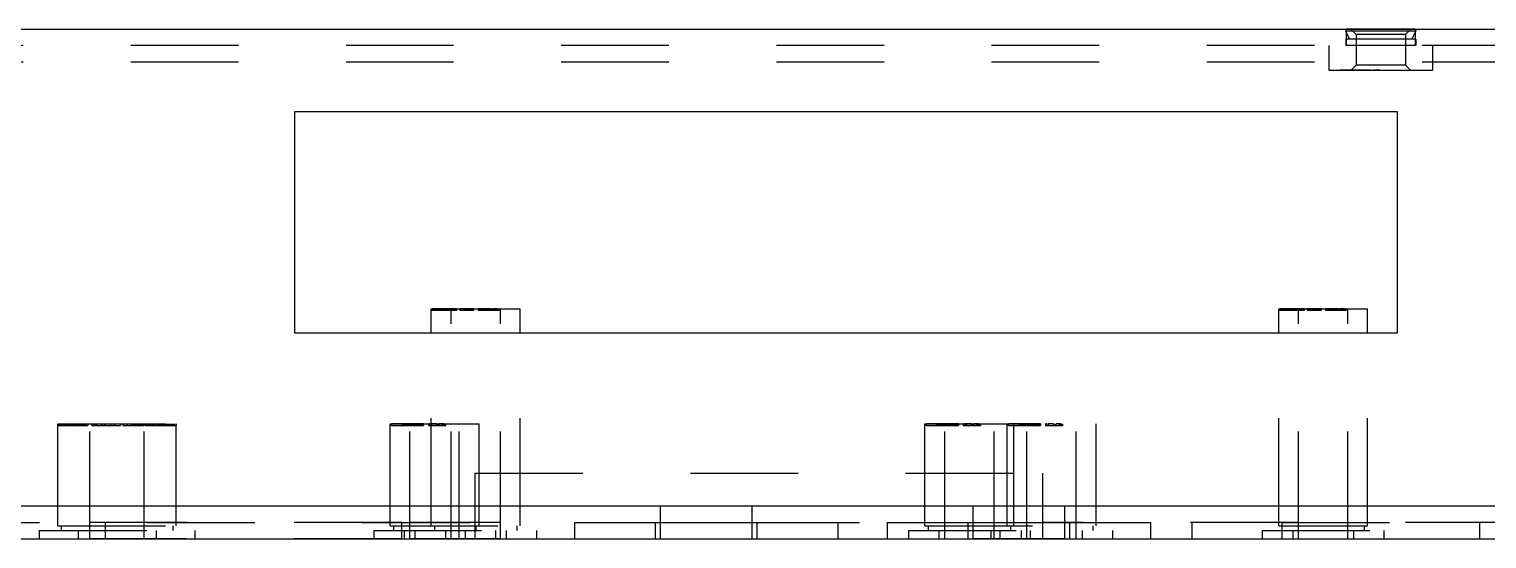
# Model space of a CAD drawing. Header units: millimetres. Extents: x 1262 to 3787, y 0 to 841.
# Drawn here: x 2913.1 to 3001.7, y 627.2 to 658.2 of the extents above; entities that cross this region are included whole.
import ezdxf

# ---------------------------------------------------------------- set-up
doc = ezdxf.new("R2010")
doc.units = ezdxf.units.MM
doc.header["$LTSCALE"] = 65.395
doc.linetypes.add('HIDDEN', pattern=[0.2, 0.1, -0.1])
doc.layers.get('0').update_dxf_attribs({"linetype": 'CONTINUOUS'})
doc.layers.add('02___PRT_ALL_AXES', color=7, linetype='CONTINUOUS')
doc.layers.add('DEFAULT_2', color=8, linetype='HIDDEN')

msp = doc.modelspace()

# ---------------------------------------------------------------- linework, layer by layer
at = {"color": 3, "linetype": 'Continuous'}
for p, q in [((2749.21, 658.158), (3161.21, 658.158)), ((2929.21, 639.658), (2929.21, 653.158)), ((2929.21, 653.158), (2996.21, 653.158)), ((2996.21, 653.158), (2996.21, 639.658)), ((2996.21, 639.658), (2929.21, 639.658)), ((2749.21, 629.158), (3161.21, 629.158)), ((2951.426, 629.158), (2951.426, 627.158)), ((2956.994, 629.158), (2956.994, 627.158)), ((2970.426, 629.158), (2970.426, 627.158)), ((2975.994, 629.158), (2975.994, 627.158)), ((2750.21, 627.158), (2951.426, 627.158)), ((2956.994, 627.158), (2970.426, 627.158)), ((2975.994, 627.158), (3160.21, 627.158))]:
    msp.add_line(p, q, dxfattribs=at)
at = {"color": 7, "linetype": 'Continuous'}
for p, q in [((2937.51, 639.658), (2937.51, 641.158)), ((2942.91, 639.658), (2942.91, 641.158)), ((2989.01, 639.658), (2989.01, 641.158)), ((2994.41, 639.658), (2994.41, 641.158)), ((2972.51, 628.158), (2972.51, 629.158))]:
    msp.add_line(p, q, dxfattribs=at)
at = {"layer": '02___PRT_ALL_AXES', "color": 8, "linetype": 'HIDDEN'}
for p, q in [((2997.31, 658.158), (2993.11, 658.158)), ((2993.11, 658.158), (2993.11, 657.158)), ((2997.31, 658.158), (2997.31, 657.158)), ((2997.31, 657.158), (2993.11, 657.158)), ((2938.71, 627.158), (2938.71, 641.158)), ((2941.71, 627.158), (2941.71, 641.158)), ((2990.21, 627.158), (2990.21, 641.158)), ((2993.21, 627.158), (2993.21, 641.158)), ((2937.51, 627.958), (2937.51, 639.658)), ((2942.91, 627.958), (2942.91, 639.658)), ((2989.01, 627.958), (2989.01, 639.658)), ((2994.41, 627.958), (2994.41, 639.658)), ((2914.81, 627.958), (2914.81, 634.158)), ((2916.76, 627.158), (2916.76, 634.158)), ((2916.76, 634.158), (2920.06, 634.158)), ((2920.06, 627.158), (2920.06, 634.158)), ((2922.01, 627.958), (2922.01, 634.058)), ((2935.01, 627.958), (2935.01, 634.158)), ((2935.01, 634.158), (2940.41, 634.158)), ((2936.21, 627.158), (2936.21, 634.158)), ((2939.21, 627.158), (2939.21, 634.158)), ((2940.41, 627.958), (2940.41, 634.158)), ((2967.51, 634.158), (2977.91, 634.158)), ((2967.51, 627.958), (2967.51, 634.158)), ((2968.71, 627.158), (2968.71, 634.158)), ((2971.71, 627.158), (2971.71, 634.158)), ((2972.51, 629.158), (2972.51, 634.158)), ((2972.91, 627.958), (2972.91, 634.158)), ((2973.71, 627.158), (2973.71, 634.158)), ((2976.71, 627.158), (2976.71, 634.158)), ((2977.91, 627.958), (2977.91, 634.158)), ((2935.71, 628.158), (2916.76, 628.158)), ((2917.71, 627.158), (2917.71, 628.158)), ((2935.71, 627.158), (2935.71, 628.158)), ((2941.71, 628.158), (2936.21, 628.158)), ((2946.21, 628.158), (2951.426, 628.158)), ((2946.21, 628.158), (2946.21, 627.158)), ((2956.994, 628.158), (2962.21, 628.158)), ((2962.21, 628.158), (2962.21, 627.158)), ((2965.21, 628.158), (2970.426, 628.158)), ((2965.21, 628.158), (2965.21, 627.158)), ((2972.51, 627.958), (2972.51, 628.158)), ((2975.994, 628.158), (2981.21, 628.158)), ((2981.21, 628.158), (2981.21, 627.158)), ((2989.21, 628.158), (3001.21, 628.158)), ((2989.21, 628.158), (2989.21, 627.158)), ((3001.21, 628.158), (3001.21, 627.158)), ((2935.71, 627.158), (2916.76, 627.158)), ((2941.71, 627.158), (2936.21, 627.158)), ((2946.21, 627.158), (2951.426, 627.158)), ((2956.994, 627.158), (2962.21, 627.158)), ((2965.21, 627.158), (2970.426, 627.158)), ((2975.994, 627.158), (2981.21, 627.158)), ((2989.21, 627.158), (3001.21, 627.158))]:
    msp.add_line(p, q, dxfattribs=at)
at = {"layer": '02___PRT_ALL_AXES', "color": 7, "linetype": 'Continuous'}
for p, q in [((2937.51, 639.658), (2937.51, 641.158)), ((2937.51, 641.158), (2942.91, 641.158)), ((2942.91, 639.658), (2942.91, 641.158)), ((2989.01, 641.158), (2994.41, 641.158)), ((2989.01, 639.658), (2989.01, 641.158)), ((2994.41, 639.658), (2994.41, 641.158)), ((2972.51, 628.158), (2972.51, 629.158)), ((2951.426, 628.158), (2956.994, 628.158)), ((2970.426, 628.158), (2975.994, 628.158))]:
    msp.add_line(p, q, dxfattribs=at)
at = {"layer": '02___PRT_ALL_AXES', "color": 3, "linetype": 'Continuous'}
for p, q in [((2951.426, 627.158), (2956.994, 627.158)), ((2970.426, 627.158), (2975.994, 627.158))]:
    msp.add_line(p, q, dxfattribs=at)
at = {"layer": 'DEFAULT_2', "color": 8, "linetype": 'HIDDEN'}
for p, q in [((2997.335, 658.128), (2993.085, 658.128)), ((2993.085, 658.128), (2993.085, 658.028)), ((2997.335, 658.028), (2993.085, 658.028)), ((2993.31, 657.538), (2993.085, 658.028)), ((2997.335, 657.538), (2993.085, 657.538)), ((2993.085, 657.538), (2993.085, 657.158)), ((2993.71, 657.828), (2993.41, 658.128)), ((2996.71, 657.828), (2993.71, 657.828)), ((2993.71, 657.828), (2993.71, 655.958)), ((2996.71, 657.828), (2997.01, 658.128)), ((2996.71, 657.828), (2996.71, 655.958)), ((2997.11, 657.538), (2997.335, 658.028)), ((2997.335, 658.128), (2997.335, 658.028)), ((2997.335, 657.538), (2997.335, 657.158)), ((3161.21, 657.158), (2749.21, 657.158)), ((2992.06, 657.158), (2992.06, 655.658)), ((2998.36, 657.158), (2998.36, 655.658)), ((3161.21, 656.158), (2749.21, 656.158)), ((2992.06, 655.658), (2998.36, 655.658)), ((2992.734, 655.678), (2994.626, 655.678)), ((2992.734, 655.678), (2992.734, 655.658)), ((2992.748, 655.678), (2992.748, 655.658)), ((2992.771, 655.658), (2992.771, 655.678)), ((2992.778, 655.678), (2992.778, 655.658)), ((2992.816, 655.658), (2992.816, 655.678)), ((2992.816, 655.678), (2992.816, 655.658)), ((2992.817, 655.678), (2992.817, 655.658)), ((2992.819, 655.678), (2992.819, 655.658)), ((2992.829, 655.678), (2992.829, 655.658)), ((2992.839, 655.658), (2992.839, 655.678)), ((2993.063, 655.678), (2993.063, 655.658)), ((2993.096, 655.678), (2993.096, 655.658)), ((2993.177, 655.678), (2993.177, 655.658)), ((2993.21, 655.678), (2993.21, 655.658)), ((2993.219, 655.678), (2993.219, 655.658)), ((2993.231, 655.678), (2993.231, 655.658)), ((2993.251, 655.678), (2993.251, 655.658)), ((2993.252, 655.678), (2993.252, 655.658)), ((2993.252, 655.678), (2993.252, 655.658)), ((2993.254, 655.678), (2993.254, 655.658)), ((2993.281, 655.678), (2993.281, 655.658)), ((2993.282, 655.678), (2993.282, 655.658)), ((2993.288, 655.678), (2993.288, 655.658)), ((2993.298, 655.678), (2993.298, 655.658)), ((2993.31, 655.658), (2993.31, 655.678)), ((2993.311, 655.678), (2993.311, 655.658)), ((2993.356, 655.678), (2993.356, 655.658)), ((2993.368, 655.678), (2993.368, 655.658)), ((2993.398, 655.678), (2993.398, 655.658)), ((2993.401, 655.678), (2993.401, 655.658)), ((2993.404, 655.678), (2993.404, 655.658)), ((2993.71, 655.958), (2993.41, 655.658)), ((2993.41, 655.678), (2993.41, 655.658)), ((2993.478, 655.678), (2993.478, 655.658)), ((2993.495, 655.678), (2993.495, 655.658)), ((2993.498, 655.678), (2993.498, 655.658)), ((2993.5, 655.678), (2993.5, 655.658)), ((2993.501, 655.658), (2993.501, 655.678)), ((2993.515, 655.678), (2993.515, 655.658)), ((2993.518, 655.678), (2993.518, 655.658)), ((2993.521, 655.678), (2993.521, 655.658)), ((2993.533, 655.678), (2993.533, 655.658)), ((2993.535, 655.678), (2993.535, 655.658)), ((2993.543, 655.678), (2993.543, 655.658)), ((2993.544, 655.678), (2993.544, 655.658)), ((2993.604, 655.678), (2993.604, 655.658)), ((2993.605, 655.678), (2993.605, 655.658)), ((2993.617, 655.658), (2993.617, 655.678)), ((2993.642, 655.678), (2993.642, 655.658)), ((2993.648, 655.678), (2993.648, 655.658)), ((2993.664, 655.678), (2993.664, 655.658)), ((2993.666, 655.678), (2993.666, 655.658)), ((2993.679, 655.658), (2993.679, 655.678)), ((2993.683, 655.678), (2993.683, 655.658)), ((2993.693, 655.678), (2993.693, 655.658)), ((2993.694, 655.658), (2993.694, 655.678)), ((2993.697, 655.678), (2993.697, 655.658)), ((2993.709, 655.678), (2993.709, 655.658)), ((2996.71, 655.958), (2993.71, 655.958)), ((2993.722, 655.658), (2993.722, 655.678)), ((2993.723, 655.678), (2993.723, 655.658)), ((2993.724, 655.678), (2993.724, 655.658)), ((2993.758, 655.658), (2993.758, 655.678)), ((2993.765, 655.678), (2993.765, 655.658)), ((2993.825, 655.678), (2993.825, 655.658)), ((2993.832, 655.658), (2993.832, 655.678)), ((2993.856, 655.678), (2993.856, 655.658)), ((2993.867, 655.678), (2993.867, 655.658)), ((2993.879, 655.658), (2993.879, 655.678)), ((2993.89, 655.678), (2993.89, 655.658)), ((2993.89, 655.658), (2993.89, 655.678)), ((2993.901, 655.678), (2993.901, 655.658)), ((2993.903, 655.678), (2993.903, 655.658)), ((2993.942, 655.678), (2993.942, 655.658)), ((2993.97, 655.678), (2993.97, 655.658)), ((2993.978, 655.678), (2993.978, 655.658)), ((2993.978, 655.678), (2993.978, 655.658)), ((2994.054, 655.658), (2994.054, 655.678)), ((2994.072, 655.678), (2994.072, 655.658)), ((2994.101, 655.678), (2994.101, 655.658)), ((2994.114, 655.678), (2994.114, 655.658)), ((2994.124, 655.658), (2994.124, 655.678)), ((2994.142, 655.678), (2994.142, 655.658)), ((2994.172, 655.658), (2994.172, 655.678)), ((2994.18, 655.678), (2994.18, 655.658)), ((2994.309, 655.658), (2994.309, 655.678)), ((2994.343, 655.678), (2994.343, 655.658)), ((2994.371, 655.678), (2994.371, 655.658)), ((2994.379, 655.678), (2994.379, 655.658)), ((2994.408, 655.678), (2994.408, 655.658)), ((2994.42, 655.678), (2994.42, 655.658)), ((2994.447, 655.678), (2994.447, 655.658)), ((2994.455, 655.678), (2994.455, 655.658)), ((2994.614, 655.678), (2994.614, 655.658)), ((2994.626, 655.678), (2994.626, 655.658)), ((2994.766, 655.678), (2995.147, 655.678)), ((2994.766, 655.678), (2994.766, 655.658)), ((2994.767, 655.678), (2994.767, 655.658)), ((2994.807, 655.678), (2994.807, 655.658)), ((2994.816, 655.678), (2994.816, 655.658)), ((2994.817, 655.678), (2994.817, 655.658)), ((2994.818, 655.678), (2994.818, 655.658)), ((2994.84, 655.678), (2994.84, 655.658)), ((2994.846, 655.678), (2994.846, 655.658)), ((2994.847, 655.658), (2994.847, 655.678)), ((2994.851, 655.678), (2994.851, 655.658)), ((2994.855, 655.678), (2994.855, 655.658)), ((2994.933, 655.678), (2994.933, 655.658)), ((2994.948, 655.678), (2994.948, 655.658)), ((2994.949, 655.678), (2994.949, 655.658)), ((2994.958, 655.678), (2994.958, 655.658)), ((2994.983, 655.678), (2994.983, 655.658)), ((2994.994, 655.678), (2994.994, 655.658)), ((2995.04, 655.678), (2995.04, 655.658)), ((2995.067, 655.678), (2995.067, 655.658)), ((2995.073, 655.678), (2995.073, 655.658)), ((2995.099, 655.678), (2995.099, 655.658)), ((2995.1, 655.658), (2995.1, 655.678)), ((2995.106, 655.678), (2995.106, 655.658)), ((2995.107, 655.678), (2995.107, 655.658)), ((2995.114, 655.658), (2995.114, 655.678)), ((2995.118, 655.678), (2995.118, 655.658)), ((2995.146, 655.678), (2995.146, 655.658)), ((2995.147, 655.658), (2995.147, 655.678)), ((2996.71, 655.958), (2997.01, 655.658)), ((2937.548, 641.058), (2937.548, 641.158)), ((2937.548, 641.058), (2939.07, 641.058)), ((2937.572, 641.058), (2937.572, 641.158)), ((2939.07, 641.158), (2937.572, 641.158)), ((2937.778, 641.158), (2937.778, 641.058)), ((2937.829, 641.158), (2937.829, 641.058)), ((2937.859, 641.158), (2937.859, 641.058)), ((2937.902, 641.158), (2937.902, 641.058)), ((2937.953, 641.158), (2937.953, 641.058)), ((2937.981, 641.158), (2937.981, 641.058)), ((2937.983, 641.158), (2937.983, 641.058)), ((2938.005, 641.058), (2938.005, 641.158)), ((2938.069, 641.158), (2938.069, 641.058)), ((2938.08, 641.058), (2938.08, 641.158)), ((2938.105, 641.158), (2938.105, 641.058)), ((2938.375, 641.158), (2938.375, 641.058)), ((2938.51, 641.158), (2938.51, 641.058)), ((2938.541, 641.158), (2938.541, 641.058)), ((2938.683, 641.158), (2938.683, 641.058)), ((2938.686, 641.158), (2938.686, 641.058)), ((2938.694, 641.158), (2938.694, 641.058)), ((2938.734, 641.158), (2938.734, 641.058)), ((2938.742, 641.158), (2938.742, 641.058)), ((2938.775, 641.158), (2938.775, 641.058)), ((2938.792, 641.158), (2938.792, 641.058)), ((2938.828, 641.158), (2938.828, 641.058)), ((2938.834, 641.158), (2938.834, 641.058)), ((2938.841, 641.158), (2938.841, 641.058)), ((2938.86, 641.158), (2938.86, 641.058)), ((2938.867, 641.158), (2938.867, 641.058)), ((2938.869, 641.158), (2938.869, 641.058)), ((2938.87, 641.158), (2938.87, 641.058)), ((2938.883, 641.158), (2938.883, 641.058)), ((2938.887, 641.158), (2938.887, 641.058)), ((2938.893, 641.158), (2938.893, 641.058)), ((2938.913, 641.158), (2938.913, 641.058)), ((2938.919, 641.158), (2938.919, 641.058)), ((2938.979, 641.158), (2938.979, 641.058)), ((2939.011, 641.158), (2939.011, 641.058)), ((2939.067, 641.158), (2939.067, 641.058)), ((2939.07, 641.158), (2939.07, 641.058)), ((2940.081, 641.158), (2939.243, 641.158)), ((2939.243, 641.158), (2939.243, 641.058)), ((2939.243, 641.058), (2940.081, 641.058)), ((2939.247, 641.158), (2939.247, 641.058)), ((2939.264, 641.158), (2939.264, 641.058)), ((2939.272, 641.158), (2939.272, 641.058)), ((2939.305, 641.158), (2939.305, 641.058)), ((2939.322, 641.158), (2939.322, 641.058)), ((2939.344, 641.158), (2939.344, 641.058)), ((2939.354, 641.158), (2939.354, 641.058)), ((2939.361, 641.158), (2939.361, 641.058)), ((2939.365, 641.158), (2939.365, 641.058)), ((2939.382, 641.158), (2939.382, 641.058)), ((2939.383, 641.158), (2939.383, 641.058)), ((2939.384, 641.158), (2939.384, 641.058)), ((2939.393, 641.158), (2939.393, 641.058)), ((2939.393, 641.158), (2939.393, 641.058)), ((2939.407, 641.158), (2939.407, 641.058)), ((2939.419, 641.158), (2939.419, 641.058)), ((2939.426, 641.158), (2939.426, 641.058)), ((2939.434, 641.158), (2939.434, 641.058)), ((2939.463, 641.058), (2939.463, 641.158)), ((2939.472, 641.158), (2939.472, 641.058)), ((2939.484, 641.158), (2939.484, 641.058)), ((2939.494, 641.158), (2939.494, 641.058)), ((2939.497, 641.158), (2939.497, 641.058)), ((2939.503, 641.158), (2939.503, 641.058)), ((2939.515, 641.158), (2939.515, 641.058)), ((2939.533, 641.158), (2939.533, 641.058)), ((2939.536, 641.158), (2939.536, 641.058)), ((2939.55, 641.158), (2939.55, 641.058)), ((2939.621, 641.158), (2939.621, 641.058)), ((2939.623, 641.158), (2939.623, 641.058)), ((2939.627, 641.158), (2939.627, 641.058)), ((2939.636, 641.158), (2939.636, 641.058)), ((2939.644, 641.158), (2939.644, 641.058)), ((2939.704, 641.158), (2939.704, 641.058)), ((2939.716, 641.158), (2939.716, 641.058)), ((2939.725, 641.158), (2939.725, 641.058)), ((2939.727, 641.158), (2939.727, 641.058)), ((2939.742, 641.158), (2939.742, 641.058)), ((2939.774, 641.158), (2939.774, 641.058)), ((2939.788, 641.158), (2939.788, 641.058)), ((2939.807, 641.158), (2939.807, 641.058)), ((2939.808, 641.158), (2939.808, 641.058)), ((2939.814, 641.158), (2939.814, 641.058)), ((2939.838, 641.158), (2939.838, 641.058)), ((2939.869, 641.158), (2939.869, 641.058)), ((2939.878, 641.158), (2939.878, 641.058)), ((2939.904, 641.158), (2939.904, 641.058)), ((2939.934, 641.158), (2939.934, 641.058)), ((2939.95, 641.158), (2939.95, 641.058)), ((2939.954, 641.158), (2939.954, 641.058)), ((2939.97, 641.158), (2939.97, 641.058)), ((2939.979, 641.158), (2939.979, 641.058)), ((2940.021, 641.158), (2940.021, 641.058)), ((2940.08, 641.158), (2940.08, 641.058)), ((2940.081, 641.158), (2940.081, 641.058)), ((2941.096, 641.158), (2940.351, 641.158)), ((2940.351, 641.158), (2940.351, 641.058)), ((2940.351, 641.058), (2941.625, 641.058)), ((2940.526, 641.158), (2940.526, 641.058)), ((2940.543, 641.158), (2940.543, 641.058)), ((2940.691, 641.058), (2940.691, 641.158)), ((2940.815, 641.058), (2940.815, 641.158)), ((2941.096, 641.058), (2941.096, 641.158)), ((2941.137, 641.158), (2941.109, 641.158)), ((2941.109, 641.158), (2941.109, 641.058)), ((2941.137, 641.158), (2941.137, 641.058)), ((2941.516, 641.158), (2941.244, 641.158)), ((2941.244, 641.158), (2941.244, 641.058)), ((2941.253, 641.058), (2941.253, 641.158)), ((2941.284, 641.158), (2941.284, 641.058)), ((2941.516, 641.058), (2941.516, 641.158)), ((2941.625, 641.058), (2941.625, 641.158)), ((2989.048, 641.058), (2989.048, 641.158)), ((2989.048, 641.058), (2990.57, 641.058)), ((2990.57, 641.158), (2989.072, 641.158)), ((2989.072, 641.058), (2989.072, 641.158)), ((2989.278, 641.158), (2989.278, 641.058)), ((2989.329, 641.158), (2989.329, 641.058)), ((2989.359, 641.158), (2989.359, 641.058)), ((2989.402, 641.158), (2989.402, 641.058)), ((2989.453, 641.158), (2989.453, 641.058)), ((2989.481, 641.158), (2989.481, 641.058)), ((2989.483, 641.158), (2989.483, 641.058)), ((2989.505, 641.058), (2989.505, 641.158)), ((2989.569, 641.158), (2989.569, 641.058)), ((2989.58, 641.058), (2989.58, 641.158)), ((2989.605, 641.158), (2989.605, 641.058)), ((2989.875, 641.158), (2989.875, 641.058)), ((2990.01, 641.158), (2990.01, 641.058)), ((2990.041, 641.158), (2990.041, 641.058)), ((2990.183, 641.158), (2990.183, 641.058)), ((2990.186, 641.158), (2990.186, 641.058)), ((2990.194, 641.158), (2990.194, 641.058)), ((2990.234, 641.158), (2990.234, 641.058)), ((2990.242, 641.158), (2990.242, 641.058)), ((2990.275, 641.158), (2990.275, 641.058)), ((2990.292, 641.158), (2990.292, 641.058)), ((2990.328, 641.158), (2990.328, 641.058)), ((2990.334, 641.158), (2990.334, 641.058)), ((2990.341, 641.158), (2990.341, 641.058)), ((2990.36, 641.158), (2990.36, 641.058)), ((2990.367, 641.158), (2990.367, 641.058)), ((2990.369, 641.158), (2990.369, 641.058)), ((2990.37, 641.158), (2990.37, 641.058)), ((2990.383, 641.158), (2990.383, 641.058)), ((2990.387, 641.158), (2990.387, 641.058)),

WORK ITEM:
Filter by the word "HIDDEN": copy every line of the data that holds it.

ANSWER FOR THIS EXERCISE:
doc.linetypes.add('HIDDEN', pattern=[0.2, 0.1, -0.1])
doc.layers.add('DEFAULT_2', color=8, linetype='HIDDEN')
at = {"layer": '02___PRT_ALL_AXES', "color": 8, "linetype": 'HIDDEN'}
at = {"layer": 'DEFAULT_2', "color": 8, "linetype": 'HIDDEN'}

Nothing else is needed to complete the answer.